All the other girls on the team were older and better players. That spurred Addy to want to improve her skills.
“I wanted to be that good,” she said. “So, I started practicing every day and I started getting better and better. I had a drive and passion to get better. Even in working out and athletics, I want to be better because I know there’s something more to reach for.”
Playing also gave her a feeling of unbound energy. And she is always thinking during a game.
“For me, it’s adrenaline, because I have so much passion about it,” Addy said. “When I’m pitching, it’s like, ‘okay, what’s going to work here, a rise ball, a drop ball, what am I going to throw? Where do I have to be in the count?’ And hitting, I just love that too. When I get in the (batter’s) box, it’s like, ‘okay, I’ve got a runner on here and here, where do I need to hit this ball? Do I go to right field, left field?’”
Another aspect of softball she likes is being with her teammates.
“I’m a very social person. I love talking to my teammates, being on the team and playing. I just love the game so much. It’s my passion,” Addy said.
It wasn’t until her sophomore year at Robinson that Addy began to see playing in college as a possibility. She was receiving positive feedback from college coaches and recruiters for her play with a select team.
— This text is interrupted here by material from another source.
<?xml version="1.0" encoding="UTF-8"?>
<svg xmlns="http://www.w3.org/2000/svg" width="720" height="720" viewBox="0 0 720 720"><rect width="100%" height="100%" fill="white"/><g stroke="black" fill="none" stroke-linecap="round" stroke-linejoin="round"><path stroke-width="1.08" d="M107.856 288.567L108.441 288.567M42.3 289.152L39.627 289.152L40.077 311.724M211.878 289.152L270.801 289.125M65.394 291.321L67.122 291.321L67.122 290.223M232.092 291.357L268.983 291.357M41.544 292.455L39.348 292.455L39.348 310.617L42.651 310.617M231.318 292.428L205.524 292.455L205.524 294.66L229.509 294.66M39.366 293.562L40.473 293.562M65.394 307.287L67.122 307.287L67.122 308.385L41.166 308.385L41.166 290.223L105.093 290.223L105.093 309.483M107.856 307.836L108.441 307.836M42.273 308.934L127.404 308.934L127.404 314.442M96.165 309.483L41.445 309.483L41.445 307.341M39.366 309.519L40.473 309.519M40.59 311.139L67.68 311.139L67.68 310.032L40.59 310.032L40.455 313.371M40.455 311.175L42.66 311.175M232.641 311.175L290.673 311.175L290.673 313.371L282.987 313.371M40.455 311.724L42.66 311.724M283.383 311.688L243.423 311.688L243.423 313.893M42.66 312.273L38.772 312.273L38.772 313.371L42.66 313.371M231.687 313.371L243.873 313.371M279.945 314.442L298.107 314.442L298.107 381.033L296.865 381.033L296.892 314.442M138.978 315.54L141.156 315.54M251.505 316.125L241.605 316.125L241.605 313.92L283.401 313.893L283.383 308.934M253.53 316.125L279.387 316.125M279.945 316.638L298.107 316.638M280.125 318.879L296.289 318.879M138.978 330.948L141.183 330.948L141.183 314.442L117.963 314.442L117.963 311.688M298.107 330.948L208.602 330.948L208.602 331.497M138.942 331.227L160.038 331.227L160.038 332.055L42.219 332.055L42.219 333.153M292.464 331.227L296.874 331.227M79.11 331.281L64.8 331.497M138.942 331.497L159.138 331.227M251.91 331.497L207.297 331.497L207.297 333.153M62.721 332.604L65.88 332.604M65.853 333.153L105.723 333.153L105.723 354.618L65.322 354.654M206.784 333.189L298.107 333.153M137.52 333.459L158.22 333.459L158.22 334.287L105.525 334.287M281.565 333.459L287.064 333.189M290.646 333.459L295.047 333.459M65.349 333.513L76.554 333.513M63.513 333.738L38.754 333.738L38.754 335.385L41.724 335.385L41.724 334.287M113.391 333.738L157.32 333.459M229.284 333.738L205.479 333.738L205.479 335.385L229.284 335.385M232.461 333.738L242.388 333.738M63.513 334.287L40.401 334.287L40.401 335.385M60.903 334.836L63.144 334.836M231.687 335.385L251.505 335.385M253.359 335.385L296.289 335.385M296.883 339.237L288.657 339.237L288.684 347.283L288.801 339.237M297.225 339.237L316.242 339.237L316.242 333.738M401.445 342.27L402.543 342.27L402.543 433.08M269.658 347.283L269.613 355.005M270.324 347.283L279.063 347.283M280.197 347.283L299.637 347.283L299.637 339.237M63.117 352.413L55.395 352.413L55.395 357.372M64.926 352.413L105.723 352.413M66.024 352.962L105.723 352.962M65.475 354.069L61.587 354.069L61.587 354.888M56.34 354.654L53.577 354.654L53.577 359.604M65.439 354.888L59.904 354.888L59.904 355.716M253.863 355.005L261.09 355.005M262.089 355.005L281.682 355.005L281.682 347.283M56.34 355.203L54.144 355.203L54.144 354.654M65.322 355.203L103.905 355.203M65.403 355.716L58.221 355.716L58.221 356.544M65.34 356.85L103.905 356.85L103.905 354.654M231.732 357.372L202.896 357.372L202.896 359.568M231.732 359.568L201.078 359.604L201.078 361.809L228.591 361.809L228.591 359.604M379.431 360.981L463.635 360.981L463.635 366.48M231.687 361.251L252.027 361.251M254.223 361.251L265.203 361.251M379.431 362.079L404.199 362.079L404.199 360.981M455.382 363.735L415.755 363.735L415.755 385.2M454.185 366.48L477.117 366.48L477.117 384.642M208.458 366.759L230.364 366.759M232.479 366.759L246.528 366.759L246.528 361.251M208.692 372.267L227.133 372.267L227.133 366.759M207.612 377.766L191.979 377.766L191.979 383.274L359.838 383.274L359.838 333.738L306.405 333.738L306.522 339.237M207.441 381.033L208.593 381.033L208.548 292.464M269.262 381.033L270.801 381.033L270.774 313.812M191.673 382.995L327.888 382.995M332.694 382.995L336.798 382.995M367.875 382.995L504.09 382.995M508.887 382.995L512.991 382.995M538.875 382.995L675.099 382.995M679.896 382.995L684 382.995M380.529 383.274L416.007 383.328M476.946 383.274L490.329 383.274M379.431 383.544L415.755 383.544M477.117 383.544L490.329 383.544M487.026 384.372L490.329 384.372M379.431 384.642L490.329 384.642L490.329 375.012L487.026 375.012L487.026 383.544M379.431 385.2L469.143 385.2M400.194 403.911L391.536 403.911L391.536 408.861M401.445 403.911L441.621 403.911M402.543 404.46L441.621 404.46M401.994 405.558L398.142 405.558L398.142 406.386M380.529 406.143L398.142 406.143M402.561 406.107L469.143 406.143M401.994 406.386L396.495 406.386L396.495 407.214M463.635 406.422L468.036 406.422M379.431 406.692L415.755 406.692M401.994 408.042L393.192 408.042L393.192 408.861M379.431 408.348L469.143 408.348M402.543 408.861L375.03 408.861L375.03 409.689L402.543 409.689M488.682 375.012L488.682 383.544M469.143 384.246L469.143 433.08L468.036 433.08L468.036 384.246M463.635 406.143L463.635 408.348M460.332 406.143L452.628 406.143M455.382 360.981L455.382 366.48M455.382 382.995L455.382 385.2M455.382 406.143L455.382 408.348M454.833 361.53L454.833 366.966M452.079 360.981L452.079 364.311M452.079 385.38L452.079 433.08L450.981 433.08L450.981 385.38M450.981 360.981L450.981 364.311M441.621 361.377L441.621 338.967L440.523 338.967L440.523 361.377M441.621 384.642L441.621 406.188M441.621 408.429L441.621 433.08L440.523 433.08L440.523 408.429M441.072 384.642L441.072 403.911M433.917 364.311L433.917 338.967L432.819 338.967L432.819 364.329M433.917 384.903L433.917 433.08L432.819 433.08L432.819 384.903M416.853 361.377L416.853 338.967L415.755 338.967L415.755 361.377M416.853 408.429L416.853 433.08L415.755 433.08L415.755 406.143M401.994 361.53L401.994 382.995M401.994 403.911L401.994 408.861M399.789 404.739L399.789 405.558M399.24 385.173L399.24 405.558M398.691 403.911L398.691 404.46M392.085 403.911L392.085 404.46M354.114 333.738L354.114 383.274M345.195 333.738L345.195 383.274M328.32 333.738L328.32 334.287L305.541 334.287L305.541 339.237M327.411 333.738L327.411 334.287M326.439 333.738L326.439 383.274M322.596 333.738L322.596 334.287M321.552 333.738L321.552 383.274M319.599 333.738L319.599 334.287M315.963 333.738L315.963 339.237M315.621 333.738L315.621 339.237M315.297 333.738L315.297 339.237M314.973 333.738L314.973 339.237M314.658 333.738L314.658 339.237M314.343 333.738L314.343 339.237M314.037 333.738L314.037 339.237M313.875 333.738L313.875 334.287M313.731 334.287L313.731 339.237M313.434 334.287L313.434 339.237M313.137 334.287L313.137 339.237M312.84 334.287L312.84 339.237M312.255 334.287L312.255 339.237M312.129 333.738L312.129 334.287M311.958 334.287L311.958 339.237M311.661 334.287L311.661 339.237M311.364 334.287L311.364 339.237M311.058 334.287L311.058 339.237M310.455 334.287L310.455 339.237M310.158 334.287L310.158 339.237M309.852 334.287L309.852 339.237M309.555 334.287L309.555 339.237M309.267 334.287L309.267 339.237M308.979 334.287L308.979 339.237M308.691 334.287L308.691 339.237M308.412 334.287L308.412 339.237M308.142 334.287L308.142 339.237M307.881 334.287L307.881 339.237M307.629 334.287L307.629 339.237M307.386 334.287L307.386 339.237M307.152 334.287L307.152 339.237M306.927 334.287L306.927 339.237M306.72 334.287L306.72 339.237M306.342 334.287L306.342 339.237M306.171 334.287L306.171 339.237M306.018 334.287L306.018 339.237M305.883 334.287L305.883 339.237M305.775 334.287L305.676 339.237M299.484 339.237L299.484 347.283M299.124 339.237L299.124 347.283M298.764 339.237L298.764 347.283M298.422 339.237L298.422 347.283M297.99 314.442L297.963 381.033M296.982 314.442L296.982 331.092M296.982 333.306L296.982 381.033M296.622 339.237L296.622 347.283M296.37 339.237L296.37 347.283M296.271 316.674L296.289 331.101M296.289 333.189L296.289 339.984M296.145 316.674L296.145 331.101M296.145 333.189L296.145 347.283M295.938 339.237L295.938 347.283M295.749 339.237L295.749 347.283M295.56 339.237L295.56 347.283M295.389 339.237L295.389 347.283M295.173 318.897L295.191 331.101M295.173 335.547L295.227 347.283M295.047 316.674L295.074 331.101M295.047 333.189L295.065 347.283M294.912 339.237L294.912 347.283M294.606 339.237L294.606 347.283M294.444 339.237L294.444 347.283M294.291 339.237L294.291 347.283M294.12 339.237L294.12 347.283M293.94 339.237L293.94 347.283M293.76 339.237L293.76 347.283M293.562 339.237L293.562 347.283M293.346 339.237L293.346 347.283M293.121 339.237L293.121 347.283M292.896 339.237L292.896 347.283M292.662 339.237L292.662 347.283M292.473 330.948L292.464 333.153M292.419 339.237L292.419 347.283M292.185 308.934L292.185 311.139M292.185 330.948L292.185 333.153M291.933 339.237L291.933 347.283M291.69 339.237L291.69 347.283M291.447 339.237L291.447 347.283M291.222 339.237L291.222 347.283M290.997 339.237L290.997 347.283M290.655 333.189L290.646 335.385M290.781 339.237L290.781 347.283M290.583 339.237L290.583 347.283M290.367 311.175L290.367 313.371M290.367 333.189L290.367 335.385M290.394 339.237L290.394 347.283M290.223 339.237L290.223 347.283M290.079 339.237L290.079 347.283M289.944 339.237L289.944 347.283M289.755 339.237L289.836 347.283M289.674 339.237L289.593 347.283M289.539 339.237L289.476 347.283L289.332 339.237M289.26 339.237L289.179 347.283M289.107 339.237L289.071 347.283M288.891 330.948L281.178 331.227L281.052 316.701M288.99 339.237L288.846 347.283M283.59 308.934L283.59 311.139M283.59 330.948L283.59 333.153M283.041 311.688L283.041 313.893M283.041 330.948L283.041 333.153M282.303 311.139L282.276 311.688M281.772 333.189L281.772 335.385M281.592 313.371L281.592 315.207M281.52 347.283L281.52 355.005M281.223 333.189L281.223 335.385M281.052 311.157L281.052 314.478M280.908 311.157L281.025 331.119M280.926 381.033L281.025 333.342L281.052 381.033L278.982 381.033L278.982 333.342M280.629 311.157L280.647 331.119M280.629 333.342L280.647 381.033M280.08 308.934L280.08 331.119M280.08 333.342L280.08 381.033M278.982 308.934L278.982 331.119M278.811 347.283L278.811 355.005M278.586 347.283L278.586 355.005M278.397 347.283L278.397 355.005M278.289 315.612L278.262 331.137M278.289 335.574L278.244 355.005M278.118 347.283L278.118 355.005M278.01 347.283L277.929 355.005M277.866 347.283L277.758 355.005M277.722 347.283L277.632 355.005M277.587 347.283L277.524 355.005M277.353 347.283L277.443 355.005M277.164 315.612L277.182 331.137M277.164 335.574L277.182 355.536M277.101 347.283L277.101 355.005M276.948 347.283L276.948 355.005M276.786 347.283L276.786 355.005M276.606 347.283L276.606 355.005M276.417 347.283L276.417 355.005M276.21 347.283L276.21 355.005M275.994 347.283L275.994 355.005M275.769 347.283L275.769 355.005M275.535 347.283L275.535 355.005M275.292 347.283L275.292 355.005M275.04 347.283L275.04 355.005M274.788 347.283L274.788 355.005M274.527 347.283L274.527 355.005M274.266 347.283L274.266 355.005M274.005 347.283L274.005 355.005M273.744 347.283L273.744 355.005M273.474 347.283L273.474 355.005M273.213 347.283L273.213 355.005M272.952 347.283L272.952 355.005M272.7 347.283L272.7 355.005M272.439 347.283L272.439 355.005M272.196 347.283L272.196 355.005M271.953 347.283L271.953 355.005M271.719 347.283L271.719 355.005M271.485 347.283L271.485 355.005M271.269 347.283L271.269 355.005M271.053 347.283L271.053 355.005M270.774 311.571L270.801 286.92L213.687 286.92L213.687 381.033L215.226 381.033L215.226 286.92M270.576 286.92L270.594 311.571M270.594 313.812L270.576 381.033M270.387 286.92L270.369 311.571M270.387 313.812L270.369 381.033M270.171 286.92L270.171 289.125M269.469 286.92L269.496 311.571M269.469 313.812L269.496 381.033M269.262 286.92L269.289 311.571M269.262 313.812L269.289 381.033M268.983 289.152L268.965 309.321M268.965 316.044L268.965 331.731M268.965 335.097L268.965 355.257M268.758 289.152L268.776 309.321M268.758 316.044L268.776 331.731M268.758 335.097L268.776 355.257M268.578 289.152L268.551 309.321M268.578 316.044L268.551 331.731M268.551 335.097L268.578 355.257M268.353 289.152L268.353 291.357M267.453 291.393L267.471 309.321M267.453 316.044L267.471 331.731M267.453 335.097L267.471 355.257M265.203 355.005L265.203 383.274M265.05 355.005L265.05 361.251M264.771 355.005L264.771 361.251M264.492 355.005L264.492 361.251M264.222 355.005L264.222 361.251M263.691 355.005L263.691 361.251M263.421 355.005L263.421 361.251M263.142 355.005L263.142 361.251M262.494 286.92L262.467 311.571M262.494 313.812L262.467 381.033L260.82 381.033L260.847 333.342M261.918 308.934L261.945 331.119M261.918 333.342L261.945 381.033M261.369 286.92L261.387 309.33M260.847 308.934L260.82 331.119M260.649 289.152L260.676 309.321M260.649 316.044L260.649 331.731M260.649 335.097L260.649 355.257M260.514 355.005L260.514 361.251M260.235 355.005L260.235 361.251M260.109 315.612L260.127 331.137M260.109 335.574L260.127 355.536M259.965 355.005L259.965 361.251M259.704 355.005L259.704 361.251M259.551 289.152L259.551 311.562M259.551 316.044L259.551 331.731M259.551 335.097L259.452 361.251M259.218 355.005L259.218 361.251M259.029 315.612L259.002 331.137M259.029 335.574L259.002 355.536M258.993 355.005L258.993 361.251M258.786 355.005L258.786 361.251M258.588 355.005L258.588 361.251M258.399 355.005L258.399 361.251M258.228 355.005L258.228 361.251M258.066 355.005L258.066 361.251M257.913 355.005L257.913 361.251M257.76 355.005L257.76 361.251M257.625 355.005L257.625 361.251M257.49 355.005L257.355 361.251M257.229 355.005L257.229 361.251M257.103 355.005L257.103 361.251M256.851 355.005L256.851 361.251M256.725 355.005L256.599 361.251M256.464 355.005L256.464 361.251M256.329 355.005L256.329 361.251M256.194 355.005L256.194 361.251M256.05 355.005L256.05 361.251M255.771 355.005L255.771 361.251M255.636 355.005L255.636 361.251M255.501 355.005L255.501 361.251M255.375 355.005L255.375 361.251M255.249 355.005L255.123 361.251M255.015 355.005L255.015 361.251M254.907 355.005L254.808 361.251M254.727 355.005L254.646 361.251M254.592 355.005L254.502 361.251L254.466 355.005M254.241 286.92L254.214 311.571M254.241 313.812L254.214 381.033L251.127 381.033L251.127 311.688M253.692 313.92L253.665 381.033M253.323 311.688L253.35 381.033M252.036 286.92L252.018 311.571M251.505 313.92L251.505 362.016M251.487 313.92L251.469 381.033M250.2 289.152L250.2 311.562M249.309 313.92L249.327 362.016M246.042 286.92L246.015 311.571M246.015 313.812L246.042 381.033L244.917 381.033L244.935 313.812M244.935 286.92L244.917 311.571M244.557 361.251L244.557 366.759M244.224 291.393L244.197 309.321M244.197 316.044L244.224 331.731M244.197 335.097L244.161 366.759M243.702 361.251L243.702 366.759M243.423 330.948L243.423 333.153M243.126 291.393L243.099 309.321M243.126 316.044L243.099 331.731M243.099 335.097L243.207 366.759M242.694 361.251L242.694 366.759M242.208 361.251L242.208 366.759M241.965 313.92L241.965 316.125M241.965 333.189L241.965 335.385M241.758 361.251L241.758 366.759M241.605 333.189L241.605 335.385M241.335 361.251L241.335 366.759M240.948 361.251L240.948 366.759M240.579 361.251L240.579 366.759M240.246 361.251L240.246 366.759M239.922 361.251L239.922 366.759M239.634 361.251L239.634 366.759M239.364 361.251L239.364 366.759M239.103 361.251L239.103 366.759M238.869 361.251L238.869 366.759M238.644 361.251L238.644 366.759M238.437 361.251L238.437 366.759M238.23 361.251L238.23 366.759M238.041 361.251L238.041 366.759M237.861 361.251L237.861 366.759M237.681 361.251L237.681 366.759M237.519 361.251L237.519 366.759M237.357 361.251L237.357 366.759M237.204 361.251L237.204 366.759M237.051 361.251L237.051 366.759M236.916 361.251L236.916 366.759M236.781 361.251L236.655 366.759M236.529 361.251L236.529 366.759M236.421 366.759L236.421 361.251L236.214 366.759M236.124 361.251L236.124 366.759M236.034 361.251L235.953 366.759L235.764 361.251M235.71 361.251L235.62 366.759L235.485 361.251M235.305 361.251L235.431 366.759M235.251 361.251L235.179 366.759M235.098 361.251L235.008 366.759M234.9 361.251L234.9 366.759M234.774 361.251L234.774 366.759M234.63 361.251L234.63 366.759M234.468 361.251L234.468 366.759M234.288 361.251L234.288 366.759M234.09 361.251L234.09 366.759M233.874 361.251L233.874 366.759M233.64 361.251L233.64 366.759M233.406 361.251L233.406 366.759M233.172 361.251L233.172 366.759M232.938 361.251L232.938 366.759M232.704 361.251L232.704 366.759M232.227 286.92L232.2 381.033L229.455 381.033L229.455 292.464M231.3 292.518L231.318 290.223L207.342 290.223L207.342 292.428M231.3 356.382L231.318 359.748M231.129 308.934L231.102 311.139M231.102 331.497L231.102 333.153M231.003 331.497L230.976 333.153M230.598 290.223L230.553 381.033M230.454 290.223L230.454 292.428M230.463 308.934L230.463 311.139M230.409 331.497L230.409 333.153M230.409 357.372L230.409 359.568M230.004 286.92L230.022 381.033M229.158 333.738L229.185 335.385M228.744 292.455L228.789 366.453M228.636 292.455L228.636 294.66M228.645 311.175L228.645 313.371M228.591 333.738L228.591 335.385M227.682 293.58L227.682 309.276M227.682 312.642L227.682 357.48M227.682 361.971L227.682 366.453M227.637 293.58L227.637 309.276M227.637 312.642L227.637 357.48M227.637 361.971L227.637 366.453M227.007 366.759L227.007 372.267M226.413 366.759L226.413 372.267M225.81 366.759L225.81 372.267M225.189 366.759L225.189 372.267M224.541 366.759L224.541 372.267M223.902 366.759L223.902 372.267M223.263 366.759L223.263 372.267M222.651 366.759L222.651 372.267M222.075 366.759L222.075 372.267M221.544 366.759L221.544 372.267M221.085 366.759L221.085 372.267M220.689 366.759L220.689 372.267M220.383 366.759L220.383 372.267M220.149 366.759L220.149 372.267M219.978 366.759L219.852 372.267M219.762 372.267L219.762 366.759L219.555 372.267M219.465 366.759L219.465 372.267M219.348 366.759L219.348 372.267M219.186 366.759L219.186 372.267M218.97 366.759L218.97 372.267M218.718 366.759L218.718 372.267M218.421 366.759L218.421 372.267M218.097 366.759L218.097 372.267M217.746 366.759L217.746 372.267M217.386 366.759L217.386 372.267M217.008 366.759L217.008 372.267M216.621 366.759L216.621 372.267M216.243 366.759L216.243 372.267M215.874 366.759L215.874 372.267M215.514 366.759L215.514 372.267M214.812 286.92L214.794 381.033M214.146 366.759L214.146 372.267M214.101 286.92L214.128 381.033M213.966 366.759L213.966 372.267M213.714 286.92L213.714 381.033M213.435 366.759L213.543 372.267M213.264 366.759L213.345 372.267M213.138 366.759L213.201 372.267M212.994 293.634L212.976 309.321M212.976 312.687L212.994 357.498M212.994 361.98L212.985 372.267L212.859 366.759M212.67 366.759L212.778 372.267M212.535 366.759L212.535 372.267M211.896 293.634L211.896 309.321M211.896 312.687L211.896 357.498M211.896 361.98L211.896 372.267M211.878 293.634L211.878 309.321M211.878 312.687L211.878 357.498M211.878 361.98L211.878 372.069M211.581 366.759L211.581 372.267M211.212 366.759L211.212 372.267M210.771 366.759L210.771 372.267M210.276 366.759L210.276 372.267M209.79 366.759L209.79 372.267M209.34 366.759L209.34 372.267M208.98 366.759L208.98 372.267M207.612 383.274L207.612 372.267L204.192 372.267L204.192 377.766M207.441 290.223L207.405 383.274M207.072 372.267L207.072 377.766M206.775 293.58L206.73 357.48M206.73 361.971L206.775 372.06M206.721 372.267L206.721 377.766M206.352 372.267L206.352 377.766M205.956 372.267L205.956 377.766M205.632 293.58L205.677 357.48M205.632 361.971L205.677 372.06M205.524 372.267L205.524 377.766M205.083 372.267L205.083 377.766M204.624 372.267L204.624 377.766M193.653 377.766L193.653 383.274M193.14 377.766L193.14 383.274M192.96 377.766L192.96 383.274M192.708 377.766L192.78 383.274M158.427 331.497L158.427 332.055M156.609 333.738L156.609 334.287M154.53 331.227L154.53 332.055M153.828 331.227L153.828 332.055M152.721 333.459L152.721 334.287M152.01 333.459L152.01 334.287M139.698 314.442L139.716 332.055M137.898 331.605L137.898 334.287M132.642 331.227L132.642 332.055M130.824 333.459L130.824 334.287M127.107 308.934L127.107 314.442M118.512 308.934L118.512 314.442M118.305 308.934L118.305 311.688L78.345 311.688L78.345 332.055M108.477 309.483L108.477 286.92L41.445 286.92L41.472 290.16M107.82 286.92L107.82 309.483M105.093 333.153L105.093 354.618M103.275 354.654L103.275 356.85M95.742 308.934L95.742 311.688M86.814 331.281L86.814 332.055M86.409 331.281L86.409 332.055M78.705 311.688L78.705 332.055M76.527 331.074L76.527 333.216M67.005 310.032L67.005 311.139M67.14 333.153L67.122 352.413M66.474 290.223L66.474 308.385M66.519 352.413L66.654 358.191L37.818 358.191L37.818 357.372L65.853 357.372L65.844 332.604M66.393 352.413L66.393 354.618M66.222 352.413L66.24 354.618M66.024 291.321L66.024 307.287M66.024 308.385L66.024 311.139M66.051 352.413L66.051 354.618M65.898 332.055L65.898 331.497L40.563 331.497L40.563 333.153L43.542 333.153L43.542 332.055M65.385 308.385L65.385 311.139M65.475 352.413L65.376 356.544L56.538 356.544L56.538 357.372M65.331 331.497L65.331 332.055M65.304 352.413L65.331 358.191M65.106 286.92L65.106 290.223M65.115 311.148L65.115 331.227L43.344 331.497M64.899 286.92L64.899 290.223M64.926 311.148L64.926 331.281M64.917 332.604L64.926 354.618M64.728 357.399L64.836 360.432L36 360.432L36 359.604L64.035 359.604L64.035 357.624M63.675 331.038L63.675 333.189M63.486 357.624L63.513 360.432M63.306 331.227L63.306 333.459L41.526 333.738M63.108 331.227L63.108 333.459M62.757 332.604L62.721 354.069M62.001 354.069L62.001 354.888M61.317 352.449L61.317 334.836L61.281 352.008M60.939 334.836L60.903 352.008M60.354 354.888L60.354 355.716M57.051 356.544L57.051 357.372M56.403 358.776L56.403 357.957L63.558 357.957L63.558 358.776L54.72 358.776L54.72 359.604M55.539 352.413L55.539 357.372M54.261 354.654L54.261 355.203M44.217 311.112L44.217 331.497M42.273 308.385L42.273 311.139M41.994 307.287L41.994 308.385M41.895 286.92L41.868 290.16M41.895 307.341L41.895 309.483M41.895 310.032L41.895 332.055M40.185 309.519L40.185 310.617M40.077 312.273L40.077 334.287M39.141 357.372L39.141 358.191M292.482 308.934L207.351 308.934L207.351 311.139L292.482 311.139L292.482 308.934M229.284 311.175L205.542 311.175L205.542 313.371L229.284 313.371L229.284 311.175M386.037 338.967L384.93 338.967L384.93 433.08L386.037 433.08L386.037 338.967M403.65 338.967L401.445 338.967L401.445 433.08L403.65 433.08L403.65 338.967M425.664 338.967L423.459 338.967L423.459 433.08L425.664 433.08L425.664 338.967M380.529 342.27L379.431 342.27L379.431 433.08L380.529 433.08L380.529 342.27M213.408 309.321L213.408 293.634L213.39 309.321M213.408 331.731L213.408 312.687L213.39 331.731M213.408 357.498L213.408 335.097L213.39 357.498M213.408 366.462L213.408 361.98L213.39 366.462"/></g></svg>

“I started playing on a select team where that’s all they did was college recruiting,” she said. “You played and you went to these tournaments called showcases. College coaches stood around and watched. And if they liked you, they picked up your profile sheet that had all your information and they started talking to you. That’s when I realized, ‘hey, i can really do this if I just work a little harder.’ By the end of the season, I had a bunch of coaches coming up to me saying, ‘we want you here.’”
Asked the key to her development over the years, Addy replied, “Practice, practice, practice. From the time i was about 14 until now, I practice constantly.”
At home, she has a net in which to practice her hitting and a mound from which to practice here pitching. Sometimes, she said, her neighbors can hear her honing her craft.
“My neighbors hear me in the yard all the time,” she said. “If I’m not in the yard, I’m in the shop. If it’s wet outside, we can go into the shop and just hit into the net. If I miss the net, it hits the back of the shop and makes a big, old noise. So, they hear it.”
Even though she’ll be starting her post-high school softball career at a junior college, Addy hopes to transfer to a four-year school after playing at Cisco.
“I looked at Division II, Division III, JUCO,” she said. “It was never my intention starting out to go Division I, like Baylor or Texas A&M. I just never wanted to be in that big of a school. Frankly, with my skill level, I wouldn’t make it. I wouldn’t pitch. They could probably take me as a hitter, but I wouldn’t pitch. I just was realistic about my goals.”
Addy plans to major in pre-physical therapy at Cisco Junior College. Her high school courses include studying to become a Certified Nursing Assistant (CNA), which she will attain before graduation.
Addy is the daughter of Jilly and Lee Walker.